### ASSIGNMENT
Every entry that follows should be output exactly, and every image in it left out.

--------

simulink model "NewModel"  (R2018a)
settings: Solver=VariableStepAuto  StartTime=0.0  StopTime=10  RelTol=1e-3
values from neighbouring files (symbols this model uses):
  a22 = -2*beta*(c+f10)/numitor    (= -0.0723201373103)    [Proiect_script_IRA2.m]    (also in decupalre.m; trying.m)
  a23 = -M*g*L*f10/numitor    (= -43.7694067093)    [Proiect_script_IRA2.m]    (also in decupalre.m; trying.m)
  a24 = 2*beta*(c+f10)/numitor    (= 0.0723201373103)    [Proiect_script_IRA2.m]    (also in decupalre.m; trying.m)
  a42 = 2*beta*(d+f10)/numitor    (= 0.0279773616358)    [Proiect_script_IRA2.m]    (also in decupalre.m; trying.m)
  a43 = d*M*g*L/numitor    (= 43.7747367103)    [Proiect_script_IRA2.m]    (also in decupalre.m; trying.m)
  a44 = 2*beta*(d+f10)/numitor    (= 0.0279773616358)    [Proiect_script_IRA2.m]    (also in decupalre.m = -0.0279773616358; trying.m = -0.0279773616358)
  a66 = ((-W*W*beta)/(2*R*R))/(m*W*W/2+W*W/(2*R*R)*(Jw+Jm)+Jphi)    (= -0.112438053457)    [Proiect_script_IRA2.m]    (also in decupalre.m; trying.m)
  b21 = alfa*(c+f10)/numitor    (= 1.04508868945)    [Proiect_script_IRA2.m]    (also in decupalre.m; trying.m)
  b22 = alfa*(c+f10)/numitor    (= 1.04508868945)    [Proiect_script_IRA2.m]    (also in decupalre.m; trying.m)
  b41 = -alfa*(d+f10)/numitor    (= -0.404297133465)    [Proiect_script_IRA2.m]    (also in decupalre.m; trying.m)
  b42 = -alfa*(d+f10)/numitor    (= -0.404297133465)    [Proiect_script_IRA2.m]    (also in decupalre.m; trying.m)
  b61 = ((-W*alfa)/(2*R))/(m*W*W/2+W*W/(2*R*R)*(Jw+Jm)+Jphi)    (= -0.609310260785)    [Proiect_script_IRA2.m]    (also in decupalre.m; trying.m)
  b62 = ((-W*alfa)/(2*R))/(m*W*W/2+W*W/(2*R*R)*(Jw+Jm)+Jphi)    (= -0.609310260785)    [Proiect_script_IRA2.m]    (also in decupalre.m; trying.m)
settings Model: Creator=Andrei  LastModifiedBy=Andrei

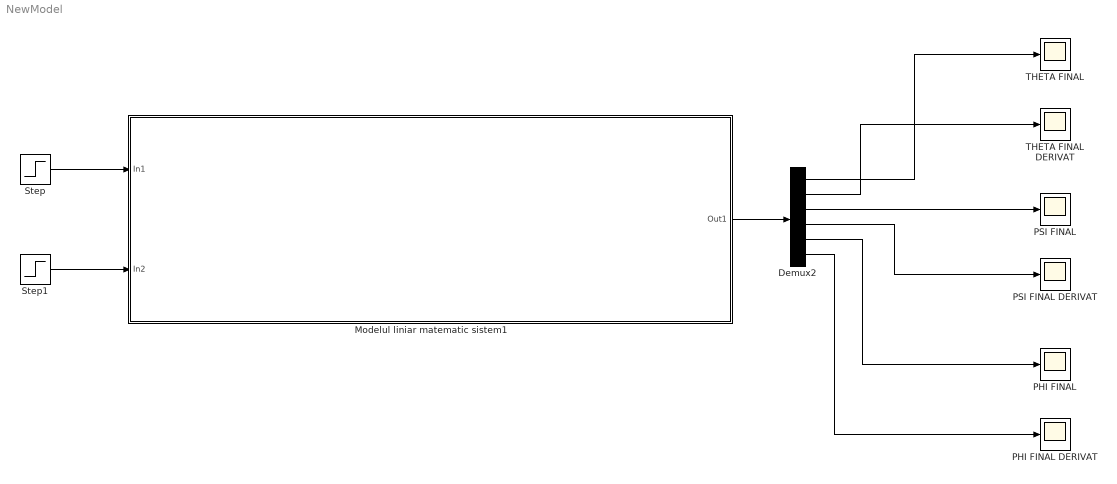
== system NewModel ==
  Demux2 : Demux  Outputs=6
  Modelul liniar matematic sistem1 : Subsystem
  PHI FINAL : Scope
  "PHI FINAL DERIVAT " : Scope
  PSI FINAL : Scope
  "PSI FINAL DERIVAT " : Scope
  Step : Step  Time=0  SampleTime=0
  Step1 : Step  Time=0  SampleTime=0
  THETA FINAL : Scope
  "THETA FINAL DERIVAT " : Scope
  wires:
  Demux2/1 -> THETA FINAL/1
  Demux2/2 -> "THETA FINAL DERIVAT "/1
  Demux2/3 -> PSI FINAL/1
  Modelul liniar matematic sistem1/1(Out1) -> Demux2/1
  Demux2/4 -> "PSI FINAL DERIVAT "/1
  Demux2/6 -> "PHI FINAL DERIVAT "/1
  Demux2/5 -> PHI FINAL/1
  Step/1 -> Modelul liniar matematic sistem1/1(In1)
  Step1/1 -> Modelul liniar matematic sistem1/2(In2)

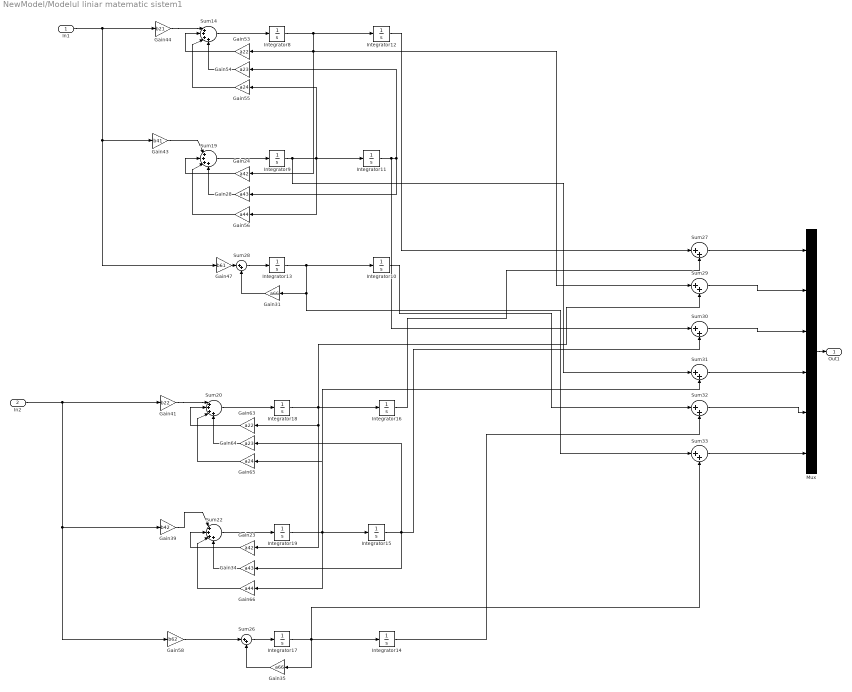
== system NewModel/Modelul liniar matematic sistem1 ==
  In1 : Inport
  In2 : Inport  Port=2
  Gain23 : Gain  Gain=a42
  Gain24 : Gain  Gain=a42
  Gain28 : Gain  Gain=a43
  Gain31 : Gain  Gain=a66
  Gain34 : Gain  Gain=a43
  Gain35 : Gain  Gain=a66
  Gain39 : Gain  Gain=b42
  Gain41 : Gain  Gain=b22
  Gain43 : Gain  Gain=b41
  Gain44 : Gain  Gain=b21
  Gain47 : Gain  Gain=b61
  Gain53 : Gain  Gain=a22
  Gain54 : Gain  Gain=a23
  Gain55 : Gain  Gain=a24
  Gain56 : Gain  Gain=a44
  Gain58 : Gain  Gain=b62
  Gain63 : Gain  Gain=a22
  Gain64 : Gain  Gain=a23
  Gain65 : Gain  Gain=a24
  Gain66 : Gain  Gain=a44
  Integrator{8..19} (12 alike) : Integrator
  Mux : Mux  Inputs=6
  Sum{14,19..20,22} (4 alike) : Sum  Inputs=|++++
  Sum{26..33} (8 alike) : Sum  Inputs=|++
  Out1 : Outport
  wires:
  Integrator9/1 -> Sum31/1, Gain56/1, Gain55/1, Integrator11/1
  Gain31/1 -> Sum28/2
  Gain66/1 -> Sum22/3
  Integrator19/1 -> Integrator15/1, Sum31/2, Gain66/1, Gain65/1
  Sum32/1 -> Mux/5
  Gain39/1 -> Sum22/1
  Gain55/1 -> Sum14/3
  Sum20/1 -> Integrator18/1
  Sum14/1 -> Integrator8/1
  Integrator17/1 -> Gain35/1, Integrator14/1, Sum33/2
  Sum30/1 -> Mux/3
  Gain44/1 -> Sum14/1
  Integrator8/1 -> Gain24/1, Sum29/1, Gain53/1, Integrator12/1
  Sum22/1 -> Integrator19/1
  Mux/1 -> Out1/1
  Integrator18/1 -> Sum29/2, Gain23/1, Gain63/1, Integrator16/1
  Gain24/1 -> Sum19/2
  Gain53/1 -> Sum14/2
  Sum19/1 -> Integrator9/1
  Sum33/1 -> Mux/6
  Gain64/1 -> Sum20/4
  Integrator14/1 -> Sum32/2
  Gain54/1 -> Sum14/4
  Integrator11/1 -> Sum30/1, Gain54/1, Gain28/1
  Integrator13/1 -> Sum33/1, Gain31/1, Integrator10/1
  Gain41/1 -> Sum20/1
  Gain34/1 -> Sum22/4
  Sum27/1 -> Mux/1
  Integrator16/1 -> Sum27/2
  Integrator15/1 -> Sum30/2, Gain64/1, Gain34/1
  Gain28/1 -> Sum19/4
  Gain47/1 -> Sum28/1
  Sum28/1 -> Integrator13/1
  Gain43/1 -> Sum19/1
  Gain35/1 -> Sum26/2
  Gain63/1 -> Sum20/2
  Gain23/1 -> Sum22/2
  Sum31/1 -> Mux/4
  Sum29/1 -> Mux/2
  Integrator12/1 -> Sum27/1
  Gain65/1 -> Sum20/3
  Gain56/1 -> Sum19/3
  Integrator10/1 -> Sum32/1
  Sum26/1 -> Integrator17/1
  Gain58/1 -> Sum26/1
  In1/1 -> Gain47/1, Gain43/1, Gain44/1
  In2/1 -> Gain39/1, Gain58/1, Gain41/1

--------

### OUTPUT
simulink model "NewModel"  (R2018a)
settings: Solver=VariableStepAuto  StartTime=0.0  StopTime=10  RelTol=1e-3
values from neighbouring files (symbols this model uses):
  a22 = -2*beta*(c+f10)/numitor    (= -0.0723201373103)    [Proiect_script_IRA2.m]    (also in decupalre.m; trying.m)
  a23 = -M*g*L*f10/numitor    (= -43.7694067093)    [Proiect_script_IRA2.m]    (also in decupalre.m; trying.m)
  a24 = 2*beta*(c+f10)/numitor    (= 0.0723201373103)    [Proiect_script_IRA2.m]    (also in decupalre.m; trying.m)
  a42 = 2*beta*(d+f10)/numitor    (= 0.0279773616358)    [Proiect_script_IRA2.m]    (also in decupalre.m; trying.m)
  a43 = d*M*g*L/numitor    (= 43.7747367103)    [Proiect_script_IRA2.m]    (also in decupalre.m; trying.m)
  a44 = 2*beta*(d+f10)/numitor    (= 0.0279773616358)    [Proiect_script_IRA2.m]    (also in decupalre.m = -0.0279773616358; trying.m = -0.0279773616358)
  a66 = ((-W*W*beta)/(2*R*R))/(m*W*W/2+W*W/(2*R*R)*(Jw+Jm)+Jphi)    (= -0.112438053457)    [Proiect_script_IRA2.m]    (also in decupalre.m; trying.m)
  b21 = alfa*(c+f10)/numitor    (= 1.04508868945)    [Proiect_script_IRA2.m]    (also in decupalre.m; trying.m)
  b22 = alfa*(c+f10)/numitor    (= 1.04508868945)    [Proiect_script_IRA2.m]    (also in decupalre.m; trying.m)
  b41 = -alfa*(d+f10)/numitor    (= -0.404297133465)    [Proiect_script_IRA2.m]    (also in decupalre.m; trying.m)
  b42 = -alfa*(d+f10)/numitor    (= -0.404297133465)    [Proiect_script_IRA2.m]    (also in decupalre.m; trying.m)
  b61 = ((-W*alfa)/(2*R))/(m*W*W/2+W*W/(2*R*R)*(Jw+Jm)+Jphi)    (= -0.609310260785)    [Proiect_script_IRA2.m]    (also in decupalre.m; trying.m)
  b62 = ((-W*alfa)/(2*R))/(m*W*W/2+W*W/(2*R*R)*(Jw+Jm)+Jphi)    (= -0.609310260785)    [Proiect_script_IRA2.m]    (also in decupalre.m; trying.m)
settings Model: Creator=Andrei  LastModifiedBy=Andrei

== system NewModel ==
  Demux2 : Demux  Outputs=6
  Modelul liniar matematic sistem1 : Subsystem
  PHI FINAL : Scope
  "PHI FINAL DERIVAT " : Scope
  PSI FINAL : Scope
  "PSI FINAL DERIVAT " : Scope
  Step : Step  Time=0  SampleTime=0
  Step1 : Step  Time=0  SampleTime=0
  THETA FINAL : Scope
  "THETA FINAL DERIVAT " : Scope
  wires:
  Demux2/1 -> THETA FINAL/1
  Demux2/2 -> "THETA FINAL DERIVAT "/1
  Demux2/3 -> PSI FINAL/1
  Modelul liniar matematic sistem1/1(Out1) -> Demux2/1
  Demux2/4 -> "PSI FINAL DERIVAT "/1
  Demux2/6 -> "PHI FINAL DERIVAT "/1
  Demux2/5 -> PHI FINAL/1
  Step/1 -> Modelul liniar matematic sistem1/1(In1)
  Step1/1 -> Modelul liniar matematic sistem1/2(In2)

== system NewModel/Modelul liniar matematic sistem1 ==
  In1 : Inport
  In2 : Inport  Port=2
  Gain23 : Gain  Gain=a42
  Gain24 : Gain  Gain=a42
  Gain28 : Gain  Gain=a43
  Gain31 : Gain  Gain=a66
  Gain34 : Gain  Gain=a43
  Gain35 : Gain  Gain=a66
  Gain39 : Gain  Gain=b42
  Gain41 : Gain  Gain=b22
  Gain43 : Gain  Gain=b41
  Gain44 : Gain  Gain=b21
  Gain47 : Gain  Gain=b61
  Gain53 : Gain  Gain=a22
  Gain54 : Gain  Gain=a23
  Gain55 : Gain  Gain=a24
  Gain56 : Gain  Gain=a44
  Gain58 : Gain  Gain=b62
  Gain63 : Gain  Gain=a22
  Gain64 : Gain  Gain=a23
  Gain65 : Gain  Gain=a24
  Gain66 : Gain  Gain=a44
  Integrator{8..19} (12 alike) : Integrator
  Mux : Mux  Inputs=6
  Sum{14,19..20,22} (4 alike) : Sum  Inputs=|++++
  Sum{26..33} (8 alike) : Sum  Inputs=|++
  Out1 : Outport
  wires:
  Integrator9/1 -> Sum31/1, Gain56/1, Gain55/1, Integrator11/1
  Gain31/1 -> Sum28/2
  Gain66/1 -> Sum22/3
  Integrator19/1 -> Integrator15/1, Sum31/2, Gain66/1, Gain65/1
  Sum32/1 -> Mux/5
  Gain39/1 -> Sum22/1
  Gain55/1 -> Sum14/3
  Sum20/1 -> Integrator18/1
  Sum14/1 -> Integrator8/1
  Integrator17/1 -> Gain35/1, Integrator14/1, Sum33/2
  Sum30/1 -> Mux/3
  Gain44/1 -> Sum14/1
  Integrator8/1 -> Gain24/1, Sum29/1, Gain53/1, Integrator12/1
  Sum22/1 -> Integrator19/1
  Mux/1 -> Out1/1
  Integrator18/1 -> Sum29/2, Gain23/1, Gain63/1, Integrator16/1
  Gain24/1 -> Sum19/2
  Gain53/1 -> Sum14/2
  Sum19/1 -> Integrator9/1
  Sum33/1 -> Mux/6
  Gain64/1 -> Sum20/4
  Integrator14/1 -> Sum32/2
  Gain54/1 -> Sum14/4
  Integrator11/1 -> Sum30/1, Gain54/1, Gain28/1
  Integrator13/1 -> Sum33/1, Gain31/1, Integrator10/1
  Gain41/1 -> Sum20/1
  Gain34/1 -> Sum22/4
  Sum27/1 -> Mux/1
  Integrator16/1 -> Sum27/2
  Integrator15/1 -> Sum30/2, Gain64/1, Gain34/1
  Gain28/1 -> Sum19/4
  Gain47/1 -> Sum28/1
  Sum28/1 -> Integrator13/1
  Gain43/1 -> Sum19/1
  Gain35/1 -> Sum26/2
  Gain63/1 -> Sum20/2
  Gain23/1 -> Sum22/2
  Sum31/1 -> Mux/4
  Sum29/1 -> Mux/2
  Integrator12/1 -> Sum27/1
  Gain65/1 -> Sum20/3
  Gain56/1 -> Sum19/3
  Integrator10/1 -> Sum32/1
  Sum26/1 -> Integrator17/1
  Gain58/1 -> Sum26/1
  In1/1 -> Gain47/1, Gain43/1, Gain44/1
  In2/1 -> Gain39/1, Gain58/1, Gain41/1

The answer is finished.